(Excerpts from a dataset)
# # # # # # #

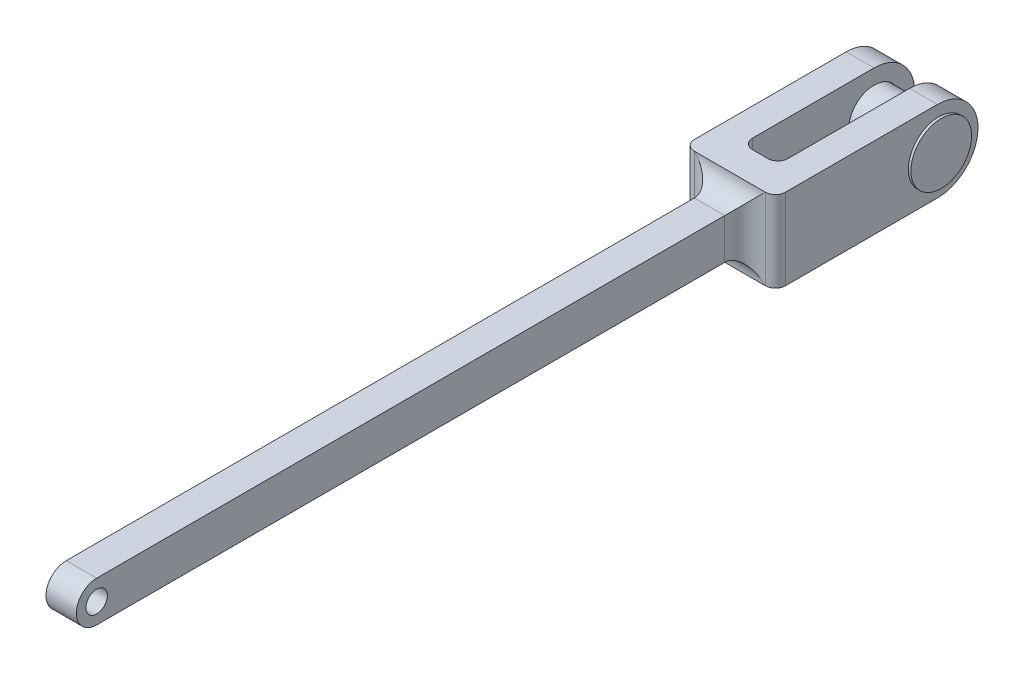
ISO-10303-21;
HEADER;
FILE_DESCRIPTION(('STEP AP214'),'2;1');
FILE_NAME('part.step','',(''),(''),'','','');
FILE_SCHEMA(('AUTOMOTIVE_DESIGN { 1 0 10303 214 1 1 1 1 }'));
ENDSEC;
DATA;
#1=APPLICATION_CONTEXT('core data for automotive mechanical design processes');
#2=APPLICATION_PROTOCOL_DEFINITION('international standard','automotive_design',2000,#1);
#3=PRODUCT_CONTEXT('',#1,'mechanical');
#4=PRODUCT('Part','Part','',(#3));
#5=PRODUCT_RELATED_PRODUCT_CATEGORY('part','',(#4));
#6=PRODUCT_DEFINITION_FORMATION('','',#4);
#7=PRODUCT_DEFINITION_CONTEXT('part definition',#1,'design');
#8=PRODUCT_DEFINITION('design','',#6,#7);
#9=PRODUCT_DEFINITION_SHAPE('','',#8);
#10=(LENGTH_UNIT() NAMED_UNIT(*) SI_UNIT(.MILLI.,.METRE.));
#11=(NAMED_UNIT(*) PLANE_ANGLE_UNIT() SI_UNIT($,.RADIAN.));
#12=(NAMED_UNIT(*) SI_UNIT($,.STERADIAN.) SOLID_ANGLE_UNIT());
#13=UNCERTAINTY_MEASURE_WITH_UNIT(LENGTH_MEASURE(1.E-05),#10,'distance_accuracy_value','');
#14=(GEOMETRIC_REPRESENTATION_CONTEXT(3) GLOBAL_UNCERTAINTY_ASSIGNED_CONTEXT((#13)) GLOBAL_UNIT_ASSIGNED_CONTEXT((#10,
#11,#12)) REPRESENTATION_CONTEXT('',''));
#15=CARTESIAN_POINT('',(0.,0.,0.));
#16=DIRECTION('',(0.,0.,1.));
#17=DIRECTION('',(1.,0.,0.));
#18=AXIS2_PLACEMENT_3D('',#15,#16,#17);
#19=CARTESIAN_POINT('',(29.36875,0.,-508.));
#20=DIRECTION('',(-1.,0.,0.));
#21=DIRECTION('',(0.,0.,1.));
#22=AXIS2_PLACEMENT_3D('',#19,#20,#21);
#23=CYLINDRICAL_SURFACE('',#22,15.875);
#24=CARTESIAN_POINT('',(29.36875,0.,-508.));
#25=DIRECTION('',(1.,0.,0.));
#26=DIRECTION('',(0.,0.,-1.));
#27=AXIS2_PLACEMENT_3D('',#24,#25,#26);
#28=CIRCLE('',#27,15.875);
#29=CARTESIAN_POINT('',(29.36875,0.,-523.875));
#30=VERTEX_POINT('',#29);
#31=EDGE_CURVE('E11',#30,#30,#28,.T.);
#32=ORIENTED_EDGE('',*,*,#31,.F.);
#33=EDGE_LOOP('',(#32));
#34=FACE_BOUND('',#33,.T.);
#35=CARTESIAN_POINT('',(-29.36875,0.,-508.));
#36=DIRECTION('',(1.,0.,0.));
#37=DIRECTION('',(0.,0.,-1.));
#38=AXIS2_PLACEMENT_3D('',#35,#36,#37);
#39=CIRCLE('',#38,15.875);
#40=CARTESIAN_POINT('',(-29.36875,0.,-523.875));
#41=VERTEX_POINT('',#40);
#42=EDGE_CURVE('E48',#41,#41,#39,.T.);
#43=ORIENTED_EDGE('',*,*,#42,.T.);
#44=EDGE_LOOP('',(#43));
#45=FACE_BOUND('',#44,.T.);
#46=ADVANCED_FACE('F45',(#34,#45),#23,.T.);
#47=CARTESIAN_POINT('',(30.95625,0.,-508.));
#48=DIRECTION('',(-1.,0.,0.));
#49=DIRECTION('',(0.,0.,1.));
#50=AXIS2_PLACEMENT_3D('',#47,#48,#49);
#51=CYLINDRICAL_SURFACE('',#50,19.05);
#52=CARTESIAN_POINT('',(30.95625,0.,-508.));
#53=DIRECTION('',(1.,0.,0.));
#54=DIRECTION('',(0.,0.,-1.));
#55=AXIS2_PLACEMENT_3D('',#52,#53,#54);
#56=CIRCLE('',#55,19.05);
#57=CARTESIAN_POINT('',(30.95625,0.,-527.05));
#58=VERTEX_POINT('',#57);
#59=EDGE_CURVE('E52',#58,#58,#56,.T.);
#60=ORIENTED_EDGE('',*,*,#59,.F.);
#61=EDGE_LOOP('',(#60));
#62=FACE_BOUND('',#61,.T.);
#63=CARTESIAN_POINT('',(29.36875,0.,-508.));
#64=DIRECTION('',(1.,0.,0.));
#65=DIRECTION('',(0.,0.,-1.));
#66=AXIS2_PLACEMENT_3D('',#63,#64,#65);
#67=CIRCLE('',#66,19.05);
#68=CARTESIAN_POINT('',(29.36875,0.,-527.05));
#69=VERTEX_POINT('',#68);
#70=EDGE_CURVE('E56',#69,#69,#67,.T.);
#71=ORIENTED_EDGE('',*,*,#70,.T.);
#72=EDGE_LOOP('',(#71));
#73=FACE_BOUND('',#72,.T.);
#74=ADVANCED_FACE('F93',(#62,#73),#51,.T.);
#75=CARTESIAN_POINT('',(30.95625,0.,-508.));
#76=DIRECTION('',(1.,0.,0.));
#77=DIRECTION('',(0.,0.,-1.));
#78=AXIS2_PLACEMENT_3D('',#75,#76,#77);
#79=PLANE('',#78);
#80=ORIENTED_EDGE('',*,*,#59,.T.);
#81=EDGE_LOOP('',(#80));
#82=FACE_BOUND('',#81,.T.);
#83=ADVANCED_FACE('F89',(#82),#79,.T.);
#84=CARTESIAN_POINT('',(29.36875,0.,-508.));
#85=DIRECTION('',(1.,0.,0.));
#86=DIRECTION('',(0.,0.,-1.));
#87=AXIS2_PLACEMENT_3D('',#84,#85,#86);
#88=PLANE('',#87);
#89=ORIENTED_EDGE('',*,*,#31,.T.);
#90=EDGE_LOOP('',(#89));
#91=FACE_BOUND('',#90,.T.);
#92=ORIENTED_EDGE('',*,*,#70,.F.);
#93=EDGE_LOOP('',(#92));
#94=FACE_BOUND('',#93,.T.);
#95=ADVANCED_FACE('F81',(#91,#94),#88,.F.);
#96=CARTESIAN_POINT('',(-30.95625,0.,-508.));
#97=DIRECTION('',(1.,0.,0.));
#98=DIRECTION('',(0.,0.,-1.));
#99=AXIS2_PLACEMENT_3D('',#96,#97,#98);
#100=CYLINDRICAL_SURFACE('',#99,19.05);
#101=CARTESIAN_POINT('',(-30.95625,0.,-508.));
#102=DIRECTION('',(1.,0.,0.));
#103=DIRECTION('',(0.,0.,-1.));
#104=AXIS2_PLACEMENT_3D('',#101,#102,#103);
#105=CIRCLE('',#104,19.05);
#106=CARTESIAN_POINT('',(-30.95625,0.,-527.05));
#107=VERTEX_POINT('',#106);
#108=EDGE_CURVE('E64',#107,#107,#105,.T.);
#109=ORIENTED_EDGE('',*,*,#108,.T.);
#110=EDGE_LOOP('',(#109));
#111=FACE_BOUND('',#110,.T.);
#112=CARTESIAN_POINT('',(-29.36875,0.,-508.));
#113=DIRECTION('',(1.,0.,0.));
#114=DIRECTION('',(0.,0.,-1.));
#115=AXIS2_PLACEMENT_3D('',#112,#113,#114);
#116=CIRCLE('',#115,19.05);
#117=CARTESIAN_POINT('',(-29.36875,0.,-527.05));
#118=VERTEX_POINT('',#117);
#119=EDGE_CURVE('E61',#118,#118,#116,.T.);
#120=ORIENTED_EDGE('',*,*,#119,.F.);
#121=EDGE_LOOP('',(#120));
#122=FACE_BOUND('',#121,.T.);
#123=ADVANCED_FACE('F79',(#111,#122),#100,.T.);
#124=CARTESIAN_POINT('',(-30.95625,0.,-508.));
#125=DIRECTION('',(-1.,0.,0.));
#126=DIRECTION('',(0.,0.,-1.));
#127=AXIS2_PLACEMENT_3D('',#124,#125,#126);
#128=PLANE('',#127);
#129=ORIENTED_EDGE('',*,*,#108,.F.);
#130=EDGE_LOOP('',(#129));
#131=FACE_BOUND('',#130,.T.);
#132=ADVANCED_FACE('F75',(#131),#128,.T.);
#133=CARTESIAN_POINT('',(-29.36875,0.,-508.));
#134=DIRECTION('',(-1.,0.,0.));
#135=DIRECTION('',(0.,0.,-1.));
#136=AXIS2_PLACEMENT_3D('',#133,#134,#135);
#137=PLANE('',#136);
#138=ORIENTED_EDGE('',*,*,#42,.F.);
#139=EDGE_LOOP('',(#138));
#140=FACE_BOUND('',#139,.T.);
#141=ORIENTED_EDGE('',*,*,#119,.T.);
#142=EDGE_LOOP('',(#141));
#143=FACE_BOUND('',#142,.T.);
#144=ADVANCED_FACE('F72',(#140,#143),#137,.F.);
#145=CLOSED_SHELL('',(#46,#74,#83,#95,#123,#132,#144));
#146=MANIFOLD_SOLID_BREP('B2',#145);
#147=CARTESIAN_POINT('',(-165.358186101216,0.,-508.));
#148=DIRECTION('',(1.,0.,0.));
#149=DIRECTION('',(0.,0.,-1.));
#150=AXIS2_PLACEMENT_3D('',#147,#148,#149);
#151=CYLINDRICAL_SURFACE('',#150,25.4);
#152=CARTESIAN_POINT('',(11.1125,0.,-508.));
#153=DIRECTION('',(1.,0.,0.));
#154=DIRECTION('',(0.,0.,-1.));
#155=AXIS2_PLACEMENT_3D('',#152,#153,#154);
#156=CIRCLE('',#155,25.4);
#157=CARTESIAN_POINT('',(11.1125,25.4,-508.));
#158=VERTEX_POINT('',#157);
#159=CARTESIAN_POINT('',(11.1125,-25.4,-508.));
#160=VERTEX_POINT('',#159);
#161=EDGE_CURVE('E352',#158,#160,#156,.F.);
#162=ORIENTED_EDGE('',*,*,#161,.F.);
#163=DIRECTION('',(1.,0.,0.));
#164=VECTOR('',#163,1.);
#165=CARTESIAN_POINT('',(-165.358186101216,25.4,-508.));
#166=LINE('',#165,#164);
#167=CARTESIAN_POINT('',(28.575,25.4,-508.));
#168=VERTEX_POINT('',#167);
#169=EDGE_CURVE('E309',#158,#168,#166,.T.);
#170=ORIENTED_EDGE('',*,*,#169,.T.);
#171=CARTESIAN_POINT('',(28.575,0.,-508.));
#172=DIRECTION('',(1.,0.,0.));
#173=DIRECTION('',(0.,0.,1.));
#174=AXIS2_PLACEMENT_3D('',#171,#172,#173);
#175=CIRCLE('',#174,25.4);
#176=CARTESIAN_POINT('',(28.575,-25.4,-508.));
#177=VERTEX_POINT('',#176);
#178=EDGE_CURVE('E435',#177,#168,#175,.T.);
#179=ORIENTED_EDGE('',*,*,#178,.F.);
#180=DIRECTION('',(1.,0.,0.));
#181=VECTOR('',#180,1.);
#182=CARTESIAN_POINT('',(-165.358186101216,-25.4,-508.));
#183=LINE('',#182,#181);
#184=EDGE_CURVE('E310',#160,#177,#183,.T.);
#185=ORIENTED_EDGE('',*,*,#184,.F.);
#186=EDGE_LOOP('',(#162,#170,#179,#185));
#187=FACE_BOUND('',#186,.T.);
#188=ADVANCED_FACE('F165',(#187),#151,.T.);
#189=CARTESIAN_POINT('',(-74.0150959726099,0.,-508.));
#190=DIRECTION('',(1.,0.,0.));
#191=DIRECTION('',(0.,0.,-1.));
#192=AXIS2_PLACEMENT_3D('',#189,#190,#191);
#193=CYLINDRICAL_SURFACE('',#192,16.0655);
#194=CARTESIAN_POINT('',(11.1125,0.,-508.));
#195=DIRECTION('',(1.,0.,0.));
#196=DIRECTION('',(0.,0.,-1.));
#197=AXIS2_PLACEMENT_3D('',#194,#195,#196);
#198=CIRCLE('',#197,16.0655);
#199=CARTESIAN_POINT('',(11.1125,0.,-524.0655));
#200=VERTEX_POINT('',#199);
#201=EDGE_CURVE('E302',#200,#200,#198,.F.);
#202=ORIENTED_EDGE('',*,*,#201,.T.);
#203=EDGE_LOOP('',(#202));
#204=FACE_BOUND('',#203,.T.);
#205=CARTESIAN_POINT('',(28.575,0.,-508.));
#206=DIRECTION('',(1.,0.,0.));
#207=DIRECTION('',(0.,0.,-1.));
#208=AXIS2_PLACEMENT_3D('',#205,#206,#207);
#209=CIRCLE('',#208,16.0655);
#210=CARTESIAN_POINT('',(28.575,0.,-524.0655));
#211=VERTEX_POINT('',#210);
#212=EDGE_CURVE('E421',#211,#211,#209,.T.);
#213=ORIENTED_EDGE('',*,*,#212,.T.);
#214=EDGE_LOOP('',(#213));
#215=FACE_BOUND('',#214,.T.);
#216=ADVANCED_FACE('F498',(#204,#215),#193,.F.);
#217=CARTESIAN_POINT('',(9.525,0.,0.));
#218=DIRECTION('',(1.,0.,0.));
#219=DIRECTION('',(0.,0.,-1.));
#220=AXIS2_PLACEMENT_3D('',#217,#218,#219);
#221=PLANE('',#220);
#222=DIRECTION('',(0.,0.,-1.));
#223=VECTOR('',#222,1.);
#224=CARTESIAN_POINT('',(9.525,-12.7,0.));
#225=LINE('',#224,#223);
#226=CARTESIAN_POINT('',(9.525,-12.7,0.));
#227=VERTEX_POINT('',#226);
#228=CARTESIAN_POINT('',(9.525,-12.7,-393.7));
#229=VERTEX_POINT('',#228);
#230=EDGE_CURVE('E330',#227,#229,#225,.T.);
#231=ORIENTED_EDGE('',*,*,#230,.T.);
#232=DIRECTION('',(0.,-1.,0.));
#233=VECTOR('',#232,1.);
#234=CARTESIAN_POINT('',(9.525,12.7,-393.7));
#235=LINE('',#234,#233);
#236=CARTESIAN_POINT('',(9.525,12.7,-393.7));
#237=VERTEX_POINT('',#236);
#238=EDGE_CURVE('E43',#229,#237,#235,.F.);
#239=ORIENTED_EDGE('',*,*,#238,.T.);
#240=DIRECTION('',(0.,0.,1.));
#241=VECTOR('',#240,1.);
#242=CARTESIAN_POINT('',(9.525,12.7,0.));
#243=LINE('',#242,#241);
#244=CARTESIAN_POINT('',(9.525,12.7,0.));
#245=VERTEX_POINT('',#244);
#246=EDGE_CURVE('E333',#237,#245,#243,.T.);
#247=ORIENTED_EDGE('',*,*,#246,.T.);
#248=CARTESIAN_POINT('',(9.525,0.,0.));
#249=DIRECTION('',(1.,0.,0.));
#250=DIRECTION('',(0.,0.,-1.));
#251=AXIS2_PLACEMENT_3D('',#248,#249,#250);
#252=CIRCLE('',#251,12.7);
#253=EDGE_CURVE('E327',#245,#227,#252,.T.);
#254=ORIENTED_EDGE('',*,*,#253,.T.);
#255=EDGE_LOOP('',(#231,#239,#247,#254));
#256=FACE_BOUND('',#255,.T.);
#257=CARTESIAN_POINT('',(9.525,0.,0.));
#258=DIRECTION('',(1.,0.,0.));
#259=DIRECTION('',(0.,0.,-1.));
#260=AXIS2_PLACEMENT_3D('',#257,#258,#259);
#261=CIRCLE('',#260,6.731);
#262=CARTESIAN_POINT('',(9.525,0.,6.731));
#263=VERTEX_POINT('',#262);
#264=EDGE_CURVE('E320',#263,#263,#261,.T.);
#265=ORIENTED_EDGE('',*,*,#264,.F.);
#266=EDGE_LOOP('',(#265));
#267=FACE_BOUND('',#266,.T.);
#268=ADVANCED_FACE('F503',(#256,#267),#221,.T.);
#269=CARTESIAN_POINT('',(-9.525,0.,0.));
#270=DIRECTION('',(1.,0.,0.));
#271=DIRECTION('',(0.,0.,-1.));
#272=AXIS2_PLACEMENT_3D('',#269,#270,#271);
#273=PLANE('',#272);
#274=DIRECTION('',(0.,0.,1.));
#275=VECTOR('',#274,1.);
#276=CARTESIAN_POINT('',(-9.525,12.7,0.));
#277=LINE('',#276,#275);
#278=CARTESIAN_POINT('',(-9.525,12.7,-393.7));
#279=VERTEX_POINT('',#278);
#280=CARTESIAN_POINT('',(-9.525,12.7,0.));
#281=VERTEX_POINT('',#280);
#282=EDGE_CURVE('E331',#279,#281,#277,.T.);
#283=ORIENTED_EDGE('',*,*,#282,.F.);
#284=DIRECTION('',(0.,-1.,0.));
#285=VECTOR('',#284,1.);
#286=CARTESIAN_POINT('',(-9.525,0.,-393.7));
#287=LINE('',#286,#285);
#288=CARTESIAN_POINT('',(-9.525,-12.7,-393.7));
#289=VERTEX_POINT('',#288);
#290=EDGE_CURVE('E174',#279,#289,#287,.T.);
#291=ORIENTED_EDGE('',*,*,#290,.T.);
#292=DIRECTION('',(0.,0.,-1.));
#293=VECTOR('',#292,1.);
#294=CARTESIAN_POINT('',(-9.525,-12.7,0.));
#295=LINE('',#294,#293);
#296=CARTESIAN_POINT('',(-9.525,-12.7,0.));
#297=VERTEX_POINT('',#296);
#298=EDGE_CURVE('E338',#297,#289,#295,.T.);
#299=ORIENTED_EDGE('',*,*,#298,.F.);
#300=CARTESIAN_POINT('',(-9.525,0.,0.));
#301=DIRECTION('',(1.,0.,0.));
#302=DIRECTION('',(0.,0.,-1.));
#303=AXIS2_PLACEMENT_3D('',#300,#301,#302);
#304=CIRCLE('',#303,12.7);
#305=EDGE_CURVE('E323',#281,#297,#304,.T.);
#306=ORIENTED_EDGE('',*,*,#305,.F.);
#307=EDGE_LOOP('',(#283,#291,#299,#306));
#308=FACE_BOUND('',#307,.T.);
#309=CARTESIAN_POINT('',(-9.525,0.,0.));
#310=DIRECTION('',(1.,0.,0.));
#311=DIRECTION('',(0.,0.,-1.));
#312=AXIS2_PLACEMENT_3D('',#309,#310,#311);
#313=CIRCLE('',#312,6.731);
#314=CARTESIAN_POINT('',(-9.525,0.,6.731));
#315=VERTEX_POINT('',#314);
#316=EDGE_CURVE('E324',#315,#315,#313,.T.);
#317=ORIENTED_EDGE('',*,*,#316,.T.);
#318=EDGE_LOOP('',(#317));
#319=FACE_BOUND('',#318,.T.);
#320=ADVANCED_FACE('F608',(#308,#319),#273,.F.);
#321=CARTESIAN_POINT('',(9.525,0.,0.));
#322=DIRECTION('',(-1.,0.,0.));
#323=DIRECTION('',(0.,0.,1.));
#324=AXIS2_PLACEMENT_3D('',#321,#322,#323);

# # # # # # #

Work instruction:
Your reply is to repeat, unchanged, the lines above running from the one with "#108=EDGE_CURVE('E64',#107,#107,#105,.T.);" up to and including the one with "#130=EDGE_LOOP('',(#129));".

Answer section:
#108=EDGE_CURVE('E64',#107,#107,#105,.T.);
#109=ORIENTED_EDGE('',*,*,#108,.T.);
#110=EDGE_LOOP('',(#109));
#111=FACE_BOUND('',#110,.T.);
#112=CARTESIAN_POINT('',(-29.36875,0.,-508.));
#113=DIRECTION('',(1.,0.,0.));
#114=DIRECTION('',(0.,0.,-1.));
#115=AXIS2_PLACEMENT_3D('',#112,#113,#114);
#116=CIRCLE('',#115,19.05);
#117=CARTESIAN_POINT('',(-29.36875,0.,-527.05));
#118=VERTEX_POINT('',#117);
#119=EDGE_CURVE('E61',#118,#118,#116,.T.);
#120=ORIENTED_EDGE('',*,*,#119,.F.);
#121=EDGE_LOOP('',(#120));
#122=FACE_BOUND('',#121,.T.);
#123=ADVANCED_FACE('F79',(#111,#122),#100,.T.);
#124=CARTESIAN_POINT('',(-30.95625,0.,-508.));
#125=DIRECTION('',(-1.,0.,0.));
#126=DIRECTION('',(0.,0.,-1.));
#127=AXIS2_PLACEMENT_3D('',#124,#125,#126);
#128=PLANE('',#127);
#129=ORIENTED_EDGE('',*,*,#108,.F.);
#130=EDGE_LOOP('',(#129));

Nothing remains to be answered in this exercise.